I don't consider myself as "switched" from a TMA to MMA, but I did come from a light FMA background/understanding and wanted more training partners and increased athleticism.

The great thing is: a lot of what I learned in the Filipino arts has direct application to MMA. I'm sure the same goes for other arts in relation to MMA.

Have fun! I hear good things about that school. Jorge Gurgel and Rich Franklin are some of my favorite fighters.


----------



## tallgeese (Jul 2, 2009)

The younger crop of MMA guys might have started in MMA alone.  As was said, us older guys almost certainly started somewhere else, even if only by degrees with shootfighting or pancration.

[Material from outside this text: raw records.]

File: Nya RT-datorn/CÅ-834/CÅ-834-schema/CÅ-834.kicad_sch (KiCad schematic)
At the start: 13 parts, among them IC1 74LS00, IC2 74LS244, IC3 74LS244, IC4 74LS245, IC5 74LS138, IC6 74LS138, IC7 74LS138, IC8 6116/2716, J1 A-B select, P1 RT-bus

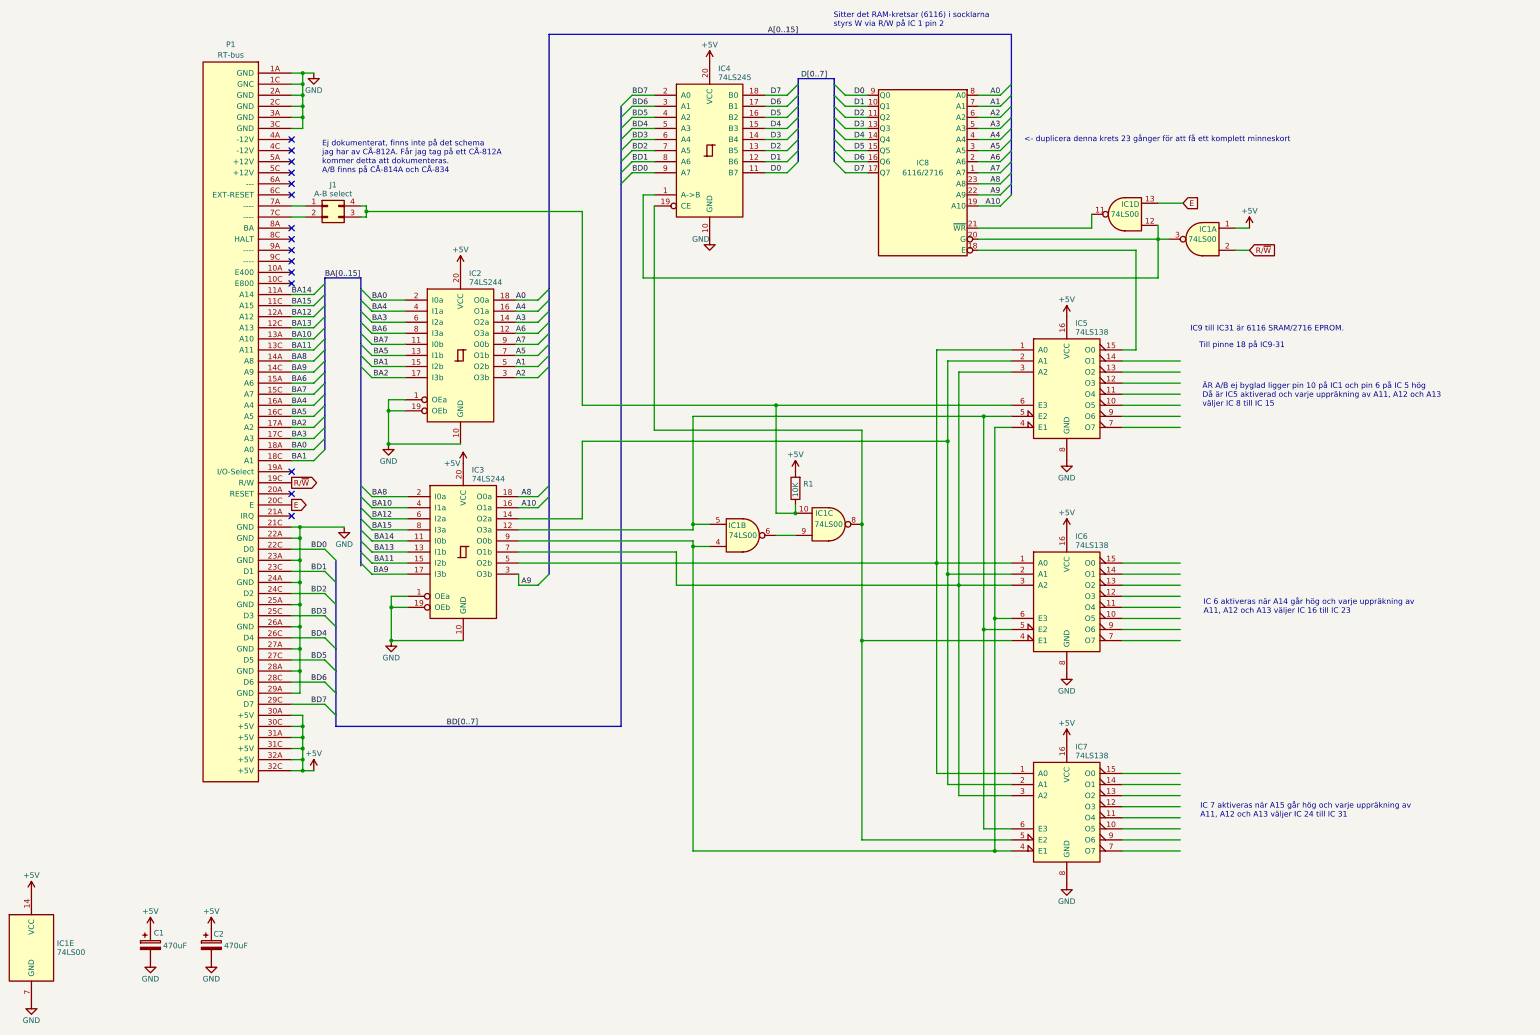
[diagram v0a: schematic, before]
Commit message: Uppdaterade schema CÅ-814A
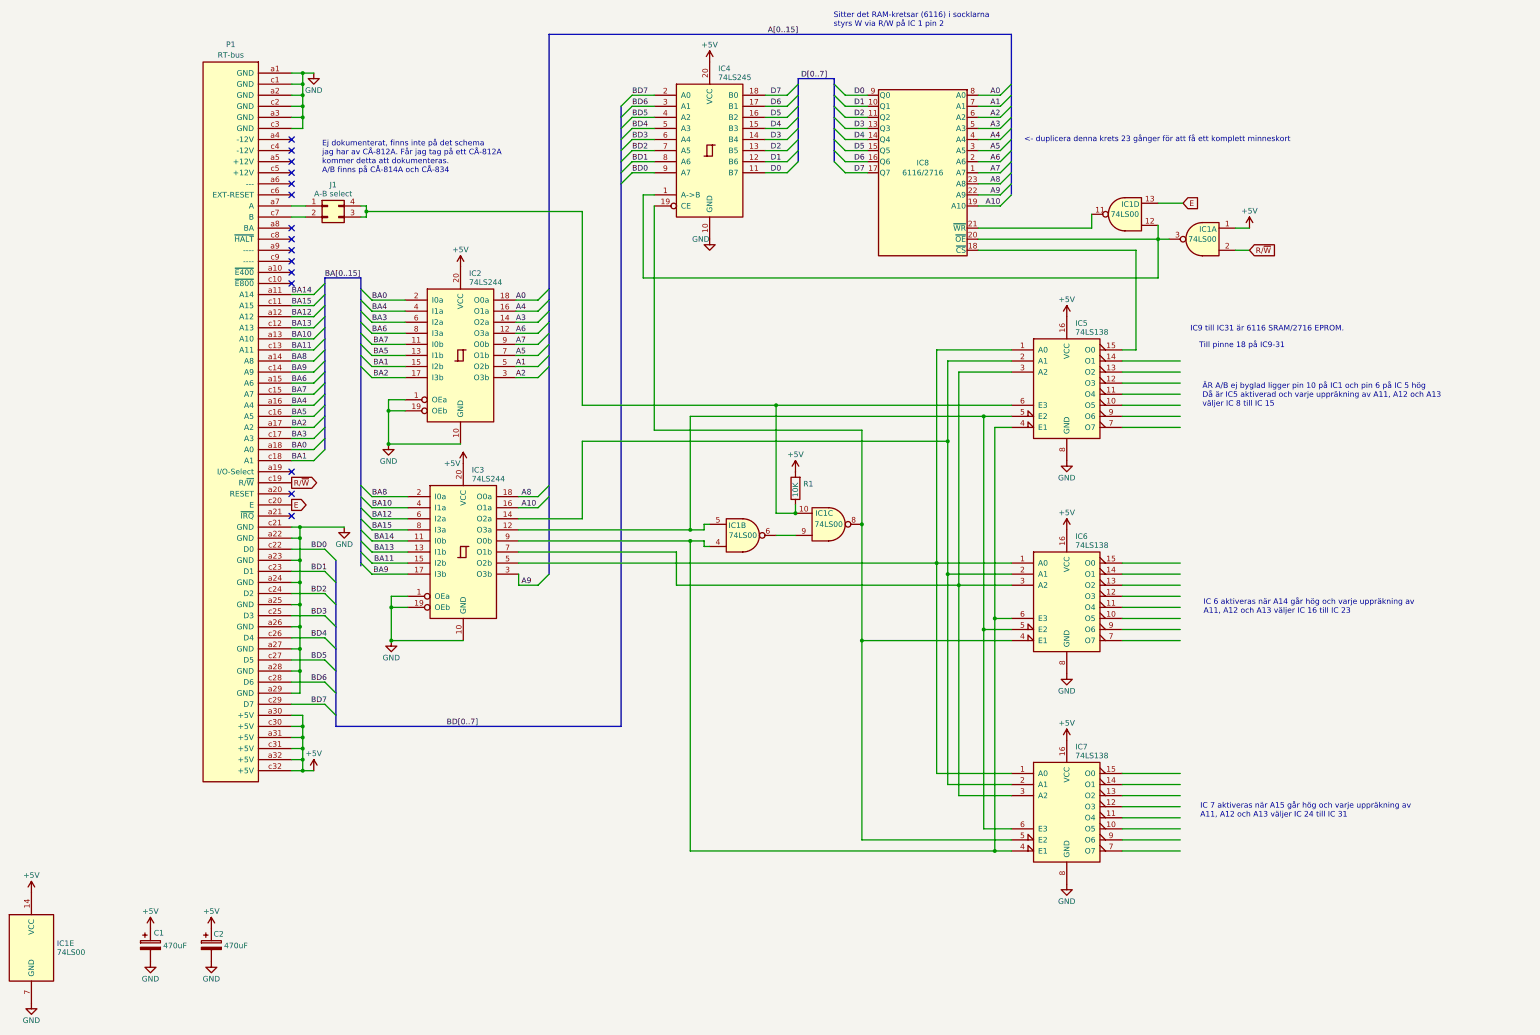
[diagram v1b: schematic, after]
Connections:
- net +5V: now also P1.a30 (+5V), P1.a31 (+5V), P1.a32 (+5V), P1.c30 (+5V), P1.c31 (+5V), P1.c32 (+5V); no longer P1.30A (+5V), P1.30C (+5V), P1.31A (+5V), P1.31C (+5V), P1.32A (+5V), P1.32C (+5V)
- net BA0: now also P1.a18 (A0); no longer P1.18A (A0)
- net BA1: now also P1.c18 (A1); no longer P1.18C (A1)
- net BA10: now also P1.a13 (A10); no longer P1.13A (A10)
- net BA11: now also P1.c13 (A11); no longer P1.13C (A11)
- net BA12: now also P1.a12 (A12); no longer P1.12A (A12)
- net BA13: now also P1.c12 (A13); no longer P1.12C (A13)
- net BA14: now also P1.a11 (A14); no longer P1.11A (A14)
- net BA15: now also P1.c11 (A15); no longer P1.11C (A15)
- net BA2: now also P1.a17 (A2); no longer P1.17A (A2)
- net BA3: now also P1.c17 (A3); no longer P1.17C (A3)
- net BA4: now also P1.a16 (A4); no longer P1.16A (A4)
- net BA5: now also P1.c16 (A5); no longer P1.16C (A5)
- net BA6: now also P1.a15 (A6); no longer P1.15A (A6)
- net BA7: now also P1.c15 (A7); no longer P1.15C (A7)
- net BA8: now also P1.a14 (A8); no longer P1.14A (A8)
- net BA9: now also P1.c14 (A9); no longer P1.14C (A9)
- net BD0: now also P1.c22 (D0); no longer P1.22C (D0)
- net BD1: now also P1.c23 (D1); no longer P1.23C (D1)
- net BD2: now also P1.c24 (D2); no longer P1.24C (D2)
- net BD3: now also P1.c25 (D3); no longer P1.25C (D3)
- net BD4: now also P1.c26 (D4); no longer P1.26C (D4)
- net BD5: now also P1.c27 (D5); no longer P1.27C (D5)
- net BD6: now also P1.c28 (D6); no longer P1.28C (D6)
- net BD7: now also P1.c29 (D7); no longer P1.29C (D7)
- net E: now also P1.c20 (E); no longer P1.20C (E)
- net GND: now also P1.a1 (GND), P1.a2 (GND), P1.a22 (GND), P1.a23 (GND), P1.a24 (GND), P1.a25 (GND), P1.a26 (GND), P1.a27 (GND), P1.a28 (GND), P1.a29 (GND), P1.a3 (GND), P1.c1 (GND), P1.c2 (GND), P1.c21 (GND), P1.c3 (GND); no longer P1.1A (GND), P1.1C (GNC), P1.21C (GND), P1.22A (GND), P1.23A (GND), P1.24A (GND), P1.25A (GND), P1.26A (GND), P1.27A (GND), P1.28A (GND), P1.29A (GND), P1.2A (GND), P1.2C (GND), P1.3A (GND), P1.3C (GND)
- net R/~{W}: now also P1.c19 (R/~{W}); no longer P1.19C (R/W)
- net at J1.1 (Pin_1): now also P1.a7 (A); no longer P1.7A (----)
- net at J1.2 (Pin_2): now also P1.c7 (B); no longer P1.7C (----)

I've incorporated MMA training, competed there; but switched is too strong a term.  I still practice out of my base art as well.


----------



## Dave Leverich (Jul 2, 2009)

I didn't leave my base art either, but yeah 25 years of TKD, 20 of FMA (way less frequent), quite a few others etc. I love the honesty in MMA training, we could bring a lot of that back into some of the arts.


----------